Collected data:
*** Begin section ***

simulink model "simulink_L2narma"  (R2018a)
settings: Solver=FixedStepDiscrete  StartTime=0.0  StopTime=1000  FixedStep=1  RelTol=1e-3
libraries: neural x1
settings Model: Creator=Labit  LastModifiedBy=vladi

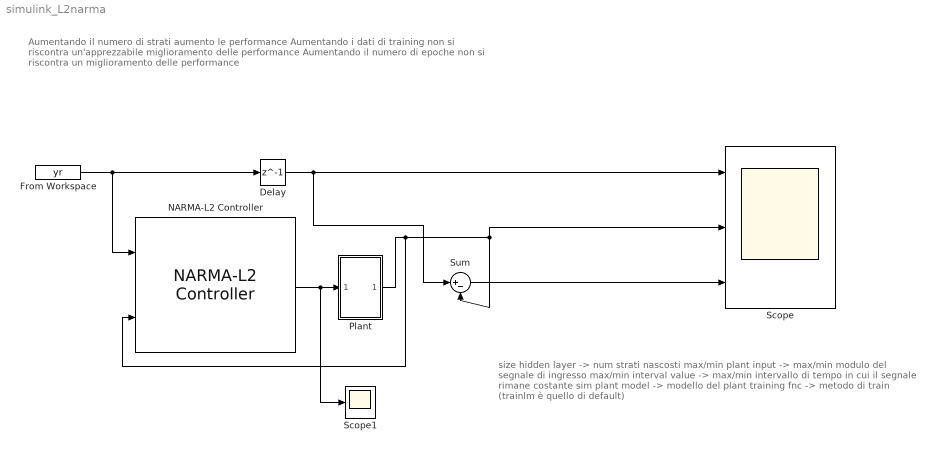
== system simulink_L2narma ==
  note: Aumentando il numero di strati aumento le performance
      | Aumentando i dati di training non si riscontra un'apprezzabile miglioramento delle performance
      | Aumentando il numero di epoche non si riscontra un miglioramento delle performance
  note: size hidden layer -> num strati nascosti
      | max/min plant input -> max/min modulo del segnale di ingresso
      | max/min interval value -> max/min intervallo di tempo in cui il segnale rimane costante
      | sim plant model -> modello del plant
      | training fnc -> metodo di train (trainlm è quello di default)
  Delay : Delay  DelayLength=1
  From Workspace : FromWorkspace  VariableName=yr  SampleTime=0
  NARMA-L2 Controller : neural/Control Systems/NARMA-L2 Controller  Normalize=0  IW1_1=[3.8139668417404157807;3.8815259750513657622;-3.2748939026658394624;-3.9053410376066932663;-3.9918911414699991269;3.9617695367724268252;3.7625515611634710034;3.4792158481124775271;-4.494892344131133477;-3.630501821281530983]  IW3_2=[3.107722634884295676;-3.63539395822912903;4.1347479444800159243;1.4466577122526385057;3.9194109340407985442;4.0902183452004265973;-3.3334755696126863178;4.7709785865149694217;3.7531539358472731926;-3.381309825628808774]  IW5_3=1.2119482686227274204  LW2_1=[0.21333823344687477541 -0.0070406795523092592995 -0.47496850922246669491 -2.0134951659314324068 1.7145644906181398692 -2.3087048236045868421 0.71499464688394964718 0.58652276660688851262 -0.29512503808507628555 0.018432258193309937477]  LW4_3=[-1.1063469404212664671 -0.099450486535374360564 0.95617524382472052213 -0.46143587615251924205 -1.0335709352472535194 0.27950775340473149599 -2.5854008364531435582 -2.7160008399382067346 -0.015655045047843148959 -1.3492927486196748532]  LW5_4=-1.2401094516026132109  LW6_5=-1.2985360848145661716  LW6_2=-0.18012219517028660309  B1=[-14.030894086278026478;-10.904217013967640426;8.0978085963681856185;5.1004539200099916485;1.4117176266810222973;1.5223818948248493133;4.9488930905456030018;8.0309642541310939379;-10.633295353449755183;-14.078725637009846139]  B2=0.66890276405500292967  B3=[-14.236624680391679831;10.988192337402621135;-7.8935896132525043001;-6.3539009784577276108;-1.5349211517952128236;1.154754031930957936;-5.0587916083739052908;8.3781029258292090134;10.936398782319368905;-14.148438906026942874]  B4=1.0789266477707291081  Limit_output=1  min_output=-1.6  max_output=1.6  Use_Previous_Weights=1  Ts=1  S1=10  Ni=1  Nj=1  sim_file=simulink_L2  trainfun=trainlm  Use_validation=1  Use_Testing=1  max_i=0.6  min_i=-0.6  max_i_int=20  min_i_int=1  sam_training=1500  epochs=200  minp=-0.59823129250737361318  maxp=0.59811034980767641134  mint=-4.3520705222512647836  maxt=0.59811034980767641134
      settings: SourceProductName=Neural Network Toolbox  SourceProductBaseCode=NN
  "Plant " : Subsystem
  Scope : Scope  NumInputPorts=3
  Scope1 : Scope
  Sum : Sum  Inputs=|+-
  wires:
  "Plant "/1(y(k)) -> NARMA-L2 Controller/2, Sum/2, Scope/2
  NARMA-L2 Controller/1 -> Scope1/1, "Plant "/1(u(k))
  From Workspace/1 -> NARMA-L2 Controller/1, Delay/1
  Delay/1 -> Sum/1, Scope/1
  Sum/1 -> Scope/3

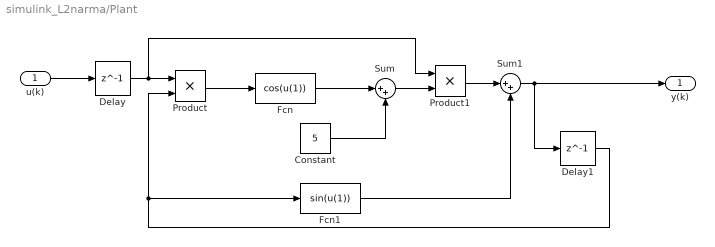
== system simulink_L2narma/Plant  ==
  u(k) : Inport
  Constant : Constant  Value=5
  Delay : Delay  DelayLength=1  InitialCondition=0
  Delay1 : Delay  DelayLength=1  InitialCondition=0
  Fcn : Fcn  Expr=cos(u(1))
  Fcn1 : Fcn  Expr=sin(u(1))
  Product : Product
  Product1 : Product
  Sum : Sum  Inputs=|++
  Sum1 : Sum  Inputs=|++
  y(k) : Outport
  wires:
  Delay/1 -> Product1/1, Product/1
  Delay1/1 -> Fcn1/1, Product/2
  Product1/1 -> Sum1/1
  Fcn/1 -> Sum/1
  Fcn1/1 -> Sum1/2
  Sum1/1 -> y(k)/1, Delay1/1
  Sum/1 -> Product1/2
  Product/1 -> Fcn/1
  Constant/1 -> Sum/2
  u(k)/1 -> Delay/1

*** End section ***

**TASK DIRECTIONS:**
If the string "performance" is in a line of the entries, pick that line out.

**RESPONSE BOX:**
  note: Aumentando il numero di strati aumento le performance
      | Aumentando i dati di training non si riscontra un'apprezzabile miglioramento delle performance
      | Aumentando il numero di epoche non si riscontra un miglioramento delle performance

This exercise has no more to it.